YOUR TASK
Tally up the lines below that include the word "ezdxf". Answer with the number alone.

INPUT DATA

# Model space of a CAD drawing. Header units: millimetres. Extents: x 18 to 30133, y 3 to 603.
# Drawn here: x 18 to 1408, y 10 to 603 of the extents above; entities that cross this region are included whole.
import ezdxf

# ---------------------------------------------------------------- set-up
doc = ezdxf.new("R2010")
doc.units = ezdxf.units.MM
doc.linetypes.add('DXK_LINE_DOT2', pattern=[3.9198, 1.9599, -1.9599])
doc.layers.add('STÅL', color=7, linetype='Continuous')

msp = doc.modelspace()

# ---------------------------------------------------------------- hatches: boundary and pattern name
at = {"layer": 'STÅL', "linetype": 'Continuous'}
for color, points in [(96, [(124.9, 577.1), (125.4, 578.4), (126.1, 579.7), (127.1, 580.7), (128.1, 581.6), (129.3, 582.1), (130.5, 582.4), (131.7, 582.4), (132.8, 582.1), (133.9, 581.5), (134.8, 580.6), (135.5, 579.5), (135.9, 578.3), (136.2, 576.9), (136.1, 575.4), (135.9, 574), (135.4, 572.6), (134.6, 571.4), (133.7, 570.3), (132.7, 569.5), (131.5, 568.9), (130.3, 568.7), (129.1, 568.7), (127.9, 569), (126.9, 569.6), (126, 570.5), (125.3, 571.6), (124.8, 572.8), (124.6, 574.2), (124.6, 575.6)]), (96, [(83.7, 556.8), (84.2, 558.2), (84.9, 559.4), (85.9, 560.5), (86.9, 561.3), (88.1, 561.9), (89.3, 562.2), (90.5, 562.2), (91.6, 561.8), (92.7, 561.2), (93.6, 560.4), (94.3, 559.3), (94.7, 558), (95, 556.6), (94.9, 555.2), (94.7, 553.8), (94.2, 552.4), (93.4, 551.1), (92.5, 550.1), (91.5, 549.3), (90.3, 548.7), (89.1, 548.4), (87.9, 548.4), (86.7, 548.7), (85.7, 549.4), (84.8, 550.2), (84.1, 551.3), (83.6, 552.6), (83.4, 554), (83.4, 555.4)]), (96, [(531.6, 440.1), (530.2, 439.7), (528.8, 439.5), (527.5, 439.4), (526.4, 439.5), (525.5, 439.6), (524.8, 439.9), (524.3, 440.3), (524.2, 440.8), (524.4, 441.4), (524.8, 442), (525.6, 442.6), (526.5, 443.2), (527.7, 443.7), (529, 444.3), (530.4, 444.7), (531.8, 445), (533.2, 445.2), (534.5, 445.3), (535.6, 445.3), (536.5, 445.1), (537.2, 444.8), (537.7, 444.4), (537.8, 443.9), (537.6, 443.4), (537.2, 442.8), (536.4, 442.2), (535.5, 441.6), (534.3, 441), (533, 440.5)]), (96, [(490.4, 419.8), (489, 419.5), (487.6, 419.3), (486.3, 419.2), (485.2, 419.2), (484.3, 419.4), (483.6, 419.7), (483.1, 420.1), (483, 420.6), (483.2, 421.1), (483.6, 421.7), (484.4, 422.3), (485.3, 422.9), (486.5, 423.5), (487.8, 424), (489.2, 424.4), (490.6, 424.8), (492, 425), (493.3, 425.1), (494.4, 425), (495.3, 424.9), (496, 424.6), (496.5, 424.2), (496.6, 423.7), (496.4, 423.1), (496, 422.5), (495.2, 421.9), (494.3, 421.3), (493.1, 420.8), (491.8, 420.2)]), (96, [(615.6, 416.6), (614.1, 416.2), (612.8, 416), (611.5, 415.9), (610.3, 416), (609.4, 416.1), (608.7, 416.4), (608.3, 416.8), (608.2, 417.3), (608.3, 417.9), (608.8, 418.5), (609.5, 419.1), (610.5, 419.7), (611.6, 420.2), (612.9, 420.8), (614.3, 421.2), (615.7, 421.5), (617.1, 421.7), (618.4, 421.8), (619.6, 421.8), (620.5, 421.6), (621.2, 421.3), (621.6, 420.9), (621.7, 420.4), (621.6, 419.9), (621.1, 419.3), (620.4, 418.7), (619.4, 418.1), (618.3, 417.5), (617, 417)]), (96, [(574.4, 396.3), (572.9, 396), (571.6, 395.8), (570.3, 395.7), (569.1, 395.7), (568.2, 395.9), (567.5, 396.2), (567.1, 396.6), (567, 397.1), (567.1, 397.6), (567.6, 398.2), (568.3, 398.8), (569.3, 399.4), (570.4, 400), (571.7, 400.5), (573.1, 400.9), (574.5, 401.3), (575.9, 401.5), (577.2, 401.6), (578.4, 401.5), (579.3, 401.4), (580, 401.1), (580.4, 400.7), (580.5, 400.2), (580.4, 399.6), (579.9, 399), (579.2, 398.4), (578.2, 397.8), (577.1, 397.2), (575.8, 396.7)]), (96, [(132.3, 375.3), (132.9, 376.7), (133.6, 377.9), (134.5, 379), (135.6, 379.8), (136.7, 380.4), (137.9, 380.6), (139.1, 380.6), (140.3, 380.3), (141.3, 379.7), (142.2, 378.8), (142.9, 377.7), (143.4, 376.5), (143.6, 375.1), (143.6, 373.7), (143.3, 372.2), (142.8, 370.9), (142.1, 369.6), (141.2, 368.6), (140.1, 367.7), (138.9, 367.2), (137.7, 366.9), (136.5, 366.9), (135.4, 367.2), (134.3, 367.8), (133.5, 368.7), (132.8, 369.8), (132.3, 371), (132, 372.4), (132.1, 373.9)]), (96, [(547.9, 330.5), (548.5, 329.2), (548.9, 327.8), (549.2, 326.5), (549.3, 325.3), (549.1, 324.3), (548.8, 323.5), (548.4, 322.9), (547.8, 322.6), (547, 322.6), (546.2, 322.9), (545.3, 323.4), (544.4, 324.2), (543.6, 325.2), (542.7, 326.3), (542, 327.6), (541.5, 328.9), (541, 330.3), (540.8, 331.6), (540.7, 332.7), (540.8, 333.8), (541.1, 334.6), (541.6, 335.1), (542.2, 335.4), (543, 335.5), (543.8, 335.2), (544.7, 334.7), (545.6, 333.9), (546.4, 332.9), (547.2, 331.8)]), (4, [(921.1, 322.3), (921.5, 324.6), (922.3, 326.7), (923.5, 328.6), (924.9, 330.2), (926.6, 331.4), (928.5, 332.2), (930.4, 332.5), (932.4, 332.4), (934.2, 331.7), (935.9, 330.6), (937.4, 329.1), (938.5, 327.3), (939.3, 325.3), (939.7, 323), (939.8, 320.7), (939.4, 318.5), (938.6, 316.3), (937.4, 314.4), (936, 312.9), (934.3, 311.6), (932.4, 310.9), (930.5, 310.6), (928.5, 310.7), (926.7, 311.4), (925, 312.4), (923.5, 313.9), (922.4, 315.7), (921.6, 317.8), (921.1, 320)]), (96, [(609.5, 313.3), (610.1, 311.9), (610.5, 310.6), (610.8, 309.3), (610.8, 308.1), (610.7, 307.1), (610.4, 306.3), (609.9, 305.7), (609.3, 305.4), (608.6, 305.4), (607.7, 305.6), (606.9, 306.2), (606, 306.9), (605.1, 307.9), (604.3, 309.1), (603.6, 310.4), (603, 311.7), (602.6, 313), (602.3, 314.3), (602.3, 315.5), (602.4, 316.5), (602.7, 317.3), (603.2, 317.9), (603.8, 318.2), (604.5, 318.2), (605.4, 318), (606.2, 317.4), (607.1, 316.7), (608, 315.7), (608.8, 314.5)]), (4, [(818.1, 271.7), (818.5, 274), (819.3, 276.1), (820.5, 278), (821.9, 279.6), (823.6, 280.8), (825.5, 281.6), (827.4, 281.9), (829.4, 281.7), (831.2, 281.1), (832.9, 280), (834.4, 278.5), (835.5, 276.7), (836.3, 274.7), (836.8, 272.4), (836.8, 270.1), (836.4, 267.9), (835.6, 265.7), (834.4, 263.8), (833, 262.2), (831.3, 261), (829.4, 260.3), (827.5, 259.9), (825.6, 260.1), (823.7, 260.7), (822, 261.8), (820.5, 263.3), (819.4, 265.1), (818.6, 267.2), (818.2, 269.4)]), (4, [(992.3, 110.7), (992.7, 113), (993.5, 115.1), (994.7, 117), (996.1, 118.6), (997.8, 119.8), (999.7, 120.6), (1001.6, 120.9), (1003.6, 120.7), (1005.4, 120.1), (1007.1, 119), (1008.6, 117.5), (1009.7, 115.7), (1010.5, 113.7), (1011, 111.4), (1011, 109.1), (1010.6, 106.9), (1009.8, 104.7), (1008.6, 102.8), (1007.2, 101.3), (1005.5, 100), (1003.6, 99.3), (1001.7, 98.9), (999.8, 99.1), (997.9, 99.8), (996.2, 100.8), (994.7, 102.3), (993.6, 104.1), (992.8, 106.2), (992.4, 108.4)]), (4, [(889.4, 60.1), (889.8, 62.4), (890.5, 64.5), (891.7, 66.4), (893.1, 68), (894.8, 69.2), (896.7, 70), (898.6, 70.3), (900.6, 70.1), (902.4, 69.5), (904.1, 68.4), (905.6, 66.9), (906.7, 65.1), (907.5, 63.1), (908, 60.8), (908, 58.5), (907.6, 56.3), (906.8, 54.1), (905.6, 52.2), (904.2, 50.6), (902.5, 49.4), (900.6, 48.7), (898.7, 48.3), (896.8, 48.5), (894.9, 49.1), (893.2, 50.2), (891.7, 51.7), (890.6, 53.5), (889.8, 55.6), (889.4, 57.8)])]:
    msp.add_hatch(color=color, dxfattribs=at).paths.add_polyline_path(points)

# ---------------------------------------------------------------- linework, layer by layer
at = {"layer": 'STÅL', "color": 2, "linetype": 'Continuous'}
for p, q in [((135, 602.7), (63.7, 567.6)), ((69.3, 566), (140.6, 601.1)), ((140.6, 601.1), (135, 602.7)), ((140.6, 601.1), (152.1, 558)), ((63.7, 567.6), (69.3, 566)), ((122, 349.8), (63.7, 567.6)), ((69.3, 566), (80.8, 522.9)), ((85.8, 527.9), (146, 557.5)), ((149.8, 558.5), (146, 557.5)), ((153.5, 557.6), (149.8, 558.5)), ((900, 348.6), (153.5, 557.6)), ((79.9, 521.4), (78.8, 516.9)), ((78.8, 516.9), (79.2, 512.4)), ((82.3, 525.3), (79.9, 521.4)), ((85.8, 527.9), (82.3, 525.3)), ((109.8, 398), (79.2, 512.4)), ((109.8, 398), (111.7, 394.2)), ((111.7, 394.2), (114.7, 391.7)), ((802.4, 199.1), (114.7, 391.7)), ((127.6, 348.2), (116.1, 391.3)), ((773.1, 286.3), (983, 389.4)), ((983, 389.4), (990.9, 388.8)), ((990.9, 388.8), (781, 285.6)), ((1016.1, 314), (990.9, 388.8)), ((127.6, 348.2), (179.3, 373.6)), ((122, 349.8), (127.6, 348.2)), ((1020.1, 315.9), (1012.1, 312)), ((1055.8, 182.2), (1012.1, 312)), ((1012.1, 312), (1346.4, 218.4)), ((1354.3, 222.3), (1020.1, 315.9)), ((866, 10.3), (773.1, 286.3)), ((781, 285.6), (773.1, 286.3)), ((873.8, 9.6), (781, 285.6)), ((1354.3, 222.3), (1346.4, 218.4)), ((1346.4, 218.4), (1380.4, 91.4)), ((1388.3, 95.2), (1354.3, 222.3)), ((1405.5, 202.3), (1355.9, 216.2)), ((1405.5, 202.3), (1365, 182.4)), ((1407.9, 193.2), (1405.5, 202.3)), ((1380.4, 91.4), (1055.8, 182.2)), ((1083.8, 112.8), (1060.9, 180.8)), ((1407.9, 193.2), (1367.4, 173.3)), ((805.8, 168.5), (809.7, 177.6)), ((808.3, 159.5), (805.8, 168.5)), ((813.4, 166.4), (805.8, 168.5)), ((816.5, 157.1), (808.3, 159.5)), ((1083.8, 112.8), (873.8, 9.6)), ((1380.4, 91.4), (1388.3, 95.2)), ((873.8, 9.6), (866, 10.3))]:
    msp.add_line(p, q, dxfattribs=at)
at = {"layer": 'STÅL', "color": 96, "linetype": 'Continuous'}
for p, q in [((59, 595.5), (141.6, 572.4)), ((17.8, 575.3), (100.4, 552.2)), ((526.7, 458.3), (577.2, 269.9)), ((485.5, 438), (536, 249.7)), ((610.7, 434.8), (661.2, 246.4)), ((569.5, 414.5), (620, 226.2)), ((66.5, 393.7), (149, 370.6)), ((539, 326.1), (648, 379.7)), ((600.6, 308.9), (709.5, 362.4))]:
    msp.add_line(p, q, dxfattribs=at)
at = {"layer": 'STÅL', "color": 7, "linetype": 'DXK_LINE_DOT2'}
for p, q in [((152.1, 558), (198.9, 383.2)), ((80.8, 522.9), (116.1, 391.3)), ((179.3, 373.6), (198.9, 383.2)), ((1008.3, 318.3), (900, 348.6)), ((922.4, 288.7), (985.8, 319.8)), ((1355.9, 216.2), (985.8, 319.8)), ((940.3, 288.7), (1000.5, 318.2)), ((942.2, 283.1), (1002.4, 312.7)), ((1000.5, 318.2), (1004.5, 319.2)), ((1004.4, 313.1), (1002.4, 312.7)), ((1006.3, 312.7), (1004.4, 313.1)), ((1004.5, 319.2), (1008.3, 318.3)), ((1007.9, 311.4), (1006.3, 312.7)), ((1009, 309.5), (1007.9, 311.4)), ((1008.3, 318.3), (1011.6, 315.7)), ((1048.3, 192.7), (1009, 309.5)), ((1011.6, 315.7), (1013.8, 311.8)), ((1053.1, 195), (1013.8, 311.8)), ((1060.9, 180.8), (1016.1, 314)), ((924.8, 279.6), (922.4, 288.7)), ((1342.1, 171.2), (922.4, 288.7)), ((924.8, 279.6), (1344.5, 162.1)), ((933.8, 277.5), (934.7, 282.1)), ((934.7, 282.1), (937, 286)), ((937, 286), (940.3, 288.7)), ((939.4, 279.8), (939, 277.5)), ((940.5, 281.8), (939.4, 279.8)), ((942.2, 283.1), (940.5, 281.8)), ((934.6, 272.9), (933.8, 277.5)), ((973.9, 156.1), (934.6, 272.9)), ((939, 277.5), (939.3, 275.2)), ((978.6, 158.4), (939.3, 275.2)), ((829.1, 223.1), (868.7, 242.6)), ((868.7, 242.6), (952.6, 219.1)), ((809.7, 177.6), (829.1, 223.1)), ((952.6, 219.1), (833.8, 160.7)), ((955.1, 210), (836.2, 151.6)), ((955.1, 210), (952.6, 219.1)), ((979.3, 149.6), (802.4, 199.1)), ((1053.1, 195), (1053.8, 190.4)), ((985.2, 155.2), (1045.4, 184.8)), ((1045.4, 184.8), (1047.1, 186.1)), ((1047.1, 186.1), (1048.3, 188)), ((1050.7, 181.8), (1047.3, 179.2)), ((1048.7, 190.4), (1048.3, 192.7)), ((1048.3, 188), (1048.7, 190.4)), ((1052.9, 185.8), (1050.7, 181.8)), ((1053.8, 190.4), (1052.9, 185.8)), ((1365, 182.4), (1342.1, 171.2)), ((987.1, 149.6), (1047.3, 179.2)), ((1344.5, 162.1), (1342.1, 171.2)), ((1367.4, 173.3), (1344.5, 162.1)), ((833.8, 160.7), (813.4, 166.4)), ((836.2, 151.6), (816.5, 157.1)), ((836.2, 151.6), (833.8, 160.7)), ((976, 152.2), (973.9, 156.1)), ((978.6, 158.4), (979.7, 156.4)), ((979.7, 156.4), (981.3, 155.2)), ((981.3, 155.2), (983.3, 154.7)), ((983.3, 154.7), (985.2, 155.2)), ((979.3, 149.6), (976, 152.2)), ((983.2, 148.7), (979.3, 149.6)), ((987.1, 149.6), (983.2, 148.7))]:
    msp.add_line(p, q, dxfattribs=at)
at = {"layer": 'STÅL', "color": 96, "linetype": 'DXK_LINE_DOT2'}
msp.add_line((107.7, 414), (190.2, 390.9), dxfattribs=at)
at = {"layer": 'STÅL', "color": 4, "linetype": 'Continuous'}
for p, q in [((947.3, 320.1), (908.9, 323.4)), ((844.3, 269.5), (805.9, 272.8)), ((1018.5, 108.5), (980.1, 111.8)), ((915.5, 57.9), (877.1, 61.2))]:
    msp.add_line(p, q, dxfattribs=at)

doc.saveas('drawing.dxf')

WRITTEN ANSWER
3